Cloud-based data stack provider benefits
When organizations have a deep relationship with a primary hyperscaler such as Microsoft, AWS or Google, they tend to align the rest of their data stack with that particular cloud provider, Parr said.
Going with a single cloud provider can often include tradeoffs. For example, the cloud provider's tools might be simpler to integrate and have more predictable cost structures. However, they may not offer the best-in-class functionality for every single component.
Benefits of a cloud-based data stack include scalability, increased accessibility, integrated analytics, machine learning capabilities, and reduced infrastructure and maintenance costs, Parr said.
These commercial data sources can augment an organization's own data to improve analytics. For example, there are companies offering economic data, weather data, supply chain data, competitive benchmarks and more.
Do traditional data stacks have a place?
In the past, a traditional data stack was just a database, said Holger Mueller, vice president and principal analyst at Constellation Research. Over time, it grew to include file systems, as well as tools for data integration, quality, cleansing and deduplication. This evolution led to data warehouses and lakehouses.
The use of the on-premises data stack is declining, but they still offer some benefits. Traditional data stacks offer administrators an increased level of control over the data infrastructure, and companies can tailor the stack to their own needs and security requirements, Mueller said.
"This control can be particularly important for companies that handle sensitive data and have strict compliance regulations," Parr said.
Companies that require real-time processing or have high throughput demands can run their own stack to maintain consistent performance levels, he said.

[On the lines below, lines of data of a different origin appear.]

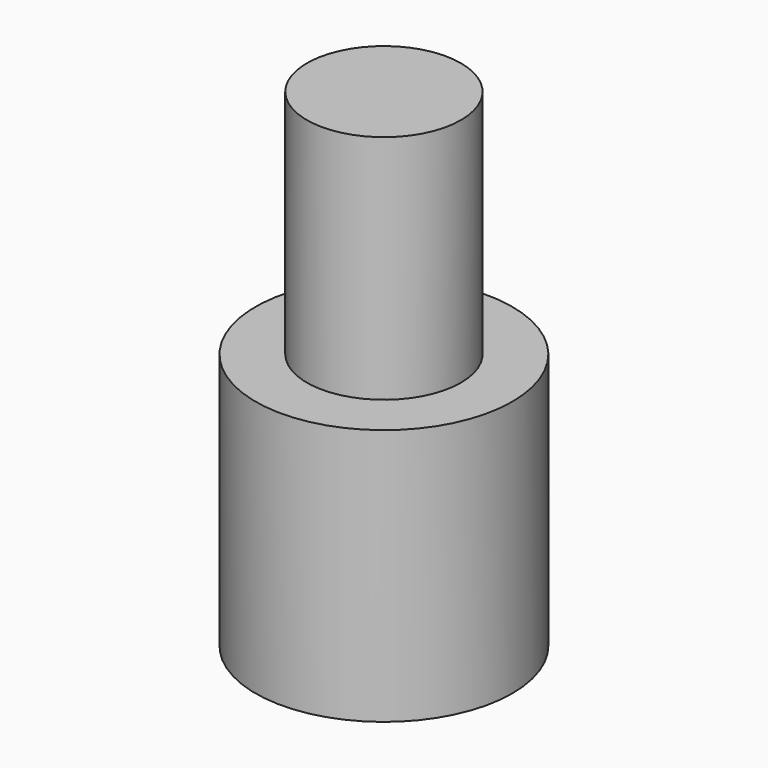
from build123d import *

# Parameters (mm, degrees)
F0_R     = 1.5
F0_R_2   = 0.5
F1_DEPTH = 4.5
F2_R     = 2.5
F2_R_2   = 1.5
F3_DEPTH = 5


with BuildPart() as f1:
    # F0 (on Top) → F1 (new body)
    with BuildSketch(Plane.XY):
        Circle(F0_R)
        Circle(F0_R_2, mode=Mode.SUBTRACT)
        Circle(F0_R_2)
    extrude(amount=-F1_DEPTH)

    # F2 (on face) → F3 (join)
    with BuildSketch(Plane(origin=(0, 0, -4.5), x_dir=(1, 0, 0), z_dir=(0, 0, -1))):
        Circle(F2_R)
        Circle(F2_R_2, mode=Mode.SUBTRACT)
        Circle(F2_R_2)
    extrude(amount=F3_DEPTH)


solid = f1.part
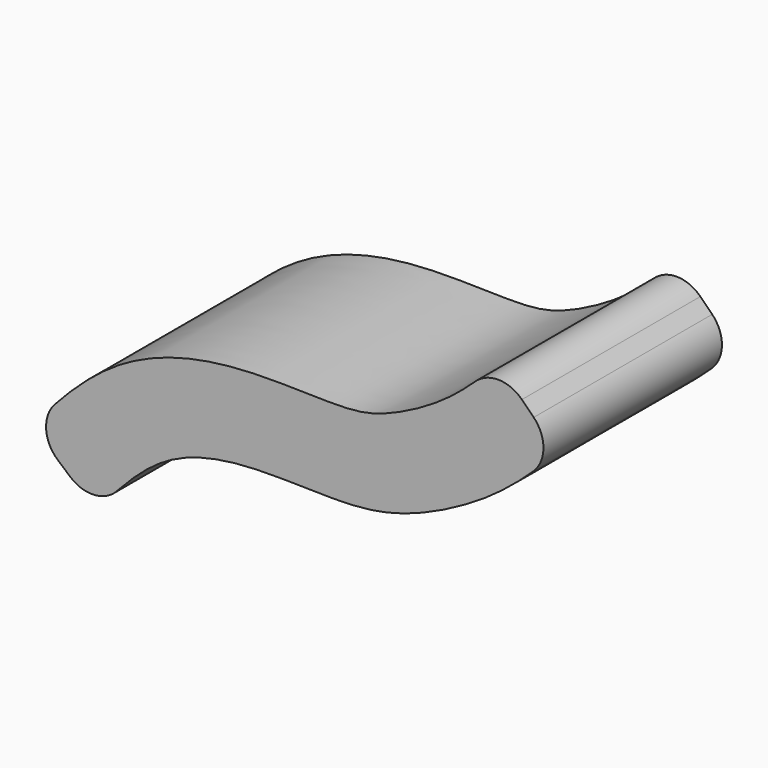
from build123d import *

# Parameters (mm, degrees)
F1_DEPTH = 50.8
F2_R     = 7.62


# Not quite as in the source:
# - the dataset's text gives a spline's control points without its knots; the knots are read off the source's solid


with BuildPart() as f1:
    # F0 (on Front) → F1 (new body)
    with BuildSketch(Plane.XZ):
        with BuildLine():
            Line((-51.4566205376, -7.6382097449), (-37.0489656925, -20.1010350138))
            add(Edge.make_bspline(
                [(-37.0489656925, -20.1010350138), (-32.0961571271, -14.3753384093), (-22.4411994409, -3.2137201658), (-2.567876156, 1.0362784201), (19.8507775599, -0.7305766437), (35.0126136642, 1.7996710925), (54.6374865112, 12.120662721), (63.7504331122, 21.1999324541), (68.1858584285, 25.6189666688)],
                knots=[0, 0, 0, 0, 0.1744362409, 0.340044341, 0.5157839146, 0.662689084, 0.8358250694, 1, 1, 1, 1], degree=3))
            Line((68.1858584285, 25.6189666688), (54.7404326534, 39.1142642774))
            add(Edge.make_bspline(
                [(-51.4566205376, -7.6382097449), (-50.569332054, -6.6124594882), (-48.7206333421, -4.4744710724), (-45.6807379161, -1.083016907), (-42.8655113291, 1.8341952687), (-40.3934284717, 4.1792576456), (-38.413862066, 5.9302516977), (-36.2924687687, 7.6576678013), (-34.392168296, 9.0614262042), (-32.7845564877, 10.1507045755), (-31.5329658928, 10.9476488916), (-30.2357008088, 11.7189891488), (-28.9317170147, 12.440929508), (-27.6164352854, 13.1185008592), (-25.8531615823, 13.961984086), (-22.7482671671, 15.2847678022), (-18.2999008711, 16.7576548912), (-13.9122537643, 17.7575537331), (-10.4620230508, 18.3293395163), (-7.9060318762, 18.6573853028), (-5.3849265205, 18.8972362958), (-2.8912531141, 19.060728488), (-0.4571417194, 19.1579367871), (2.6992657096, 19.2188727368), (6.4751057026, 19.1986064325), (10.688599572, 19.1069677477), (13.872523357, 19.034713831), (16.1671624828, 19.0086227881), (17.4801550196, 19.0099656248), (18.4476603272, 19.0234519818), (19.126692671, 19.0398701949), (19.7635064415, 19.0627895847), (20.5708993056, 19.1021374284), (21.5017087851, 19.1671291568), (22.853887137, 19.3033614178), (24.3475932959, 19.5320424193), (25.7829635166, 19.8577835208), (27.0218215144, 20.2115138008), (28.0214471049, 20.5347589257), (29.1187561712, 20.9292509093), (30.7086380041, 21.5547332667), (32.8673205533, 22.5055753198), (35.5872650511, 23.8682182699), (37.8559849368, 25.1420412869), (39.6138298192, 26.2132708199), (40.8886976676, 27.0336077895), (42.1078319952, 27.8629622939), (43.2480720812, 28.68464647), (44.37217855, 29.5417355035), (45.8540278008, 30.7312919433), (47.6956238749, 32.3155185334), (50.6875135665, 35.0808060073), (53.0519039531, 37.4319755301), (54.7404326534, 39.1142642774)],
                knots=[0, 0, 0, 0, 0.03125, 0.0625, 0.09375, 0.109375, 0.125, 0.140625, 0.15625, 0.1640625, 0.171875, 0.1796875, 0.1875, 0.1953125, 0.203125, 0.21875, 0.25, 0.28125, 0.296875, 0.3125, 0.328125, 0.34375, 0.359375, 0.375, 0.40625, 0.4375, 0.46875, 0.484375, 0.5, 0.5078125, 0.515625, 0.5234375, 0.53125, 0.546875, 0.5625, 0.59375, 0.625, 0.640625, 0.65625, 0.671875, 0.6875, 0.71875, 0.75, 0.78125, 0.796875, 0.8125, 0.828125, 0.84375, 0.859375, 0.875, 0.90625, 0.9375, 1, 1, 1, 1], degree=3))
        make_face()
    extrude(amount=F1_DEPTH)

    # F2
    f2_edges = [f1.edges().sort_by_distance(p)[0] for p in [
        (54.740433, -25.4, 39.114264),
        (68.185858, -25.4, 25.618967),
        (-51.456621, -25.4, -7.63821),
        (-37.048966, -25.4, -20.101035),
    ]]
    fillet(f2_edges, radius=F2_R)


solid = f1.part

Using an on-premises data stack doesn't mean organizations have to use legacy technologies. Legacy generally refers to outdated tools and processes that lack scalability, flexibility and advanced features.
"They may require manual maintenance, have limited integration capabilities and struggle to handle large volumes of data or complex analytical tasks," Parr said.
A typical traditional data stack like this might use the following:
- SQL for data ingestion.
- Informatica Data Quality for data quality.
- Microsoft Access, Db2 or flat files for data storage.
- SAS or IBM SPSS for data processing and transformation.
- Microsoft Excel for data analysis.
- Excel and PowerPoint for data visualization.
Organizations using an on-premises data stack can upgrade it with advanced analytics tools. Data science teams use analytics and machine learning through on-premises BI and analytics systems.
"You'll ingest data using an on-premises data-integration system that handles extract, transform, load from a mainframe or enterprise planning system," said Doug Henschen, vice president and principal analyst at Constellation Research. Then an on-premises data warehouse or data lake platform, such as Hadoop or Databricks, manages the data.
Beyond control and security, these systems offer another advantage over cloud-based data stacks -- they can cost less. With variable workloads, cloud deployments make sense. When there's a need for more processing power for a short time, cloud scales up easily and then scales back down when the demand is over. The cost depends on what an organization uses.
But if companies have some workloads that are stable and predictable, they are moving them back on premises, "particularly if they never gave up their data centers and moved entirely into the cloud," Henschen said.
Another use for traditional data stacks is for large, slow-moving data, said Bhrugu Pange, managing director who leads the technology services group at AArete, a management consulting firm.
This kind of data stack typically uses a relational database such as Oracle, Microsoft SQL Server or PostgreSQL for data storage, he said. For extract, transform and load functions, it uses tools such as Microsoft SSIS, Informatica or Talend for data integration. For data analysis and visualization, add tools such as Tableau, Qlik or Power BI.
"While this stack can support large volumes, it will typically not support high-frequency, real-time, or streaming, analytics and event processing," he added.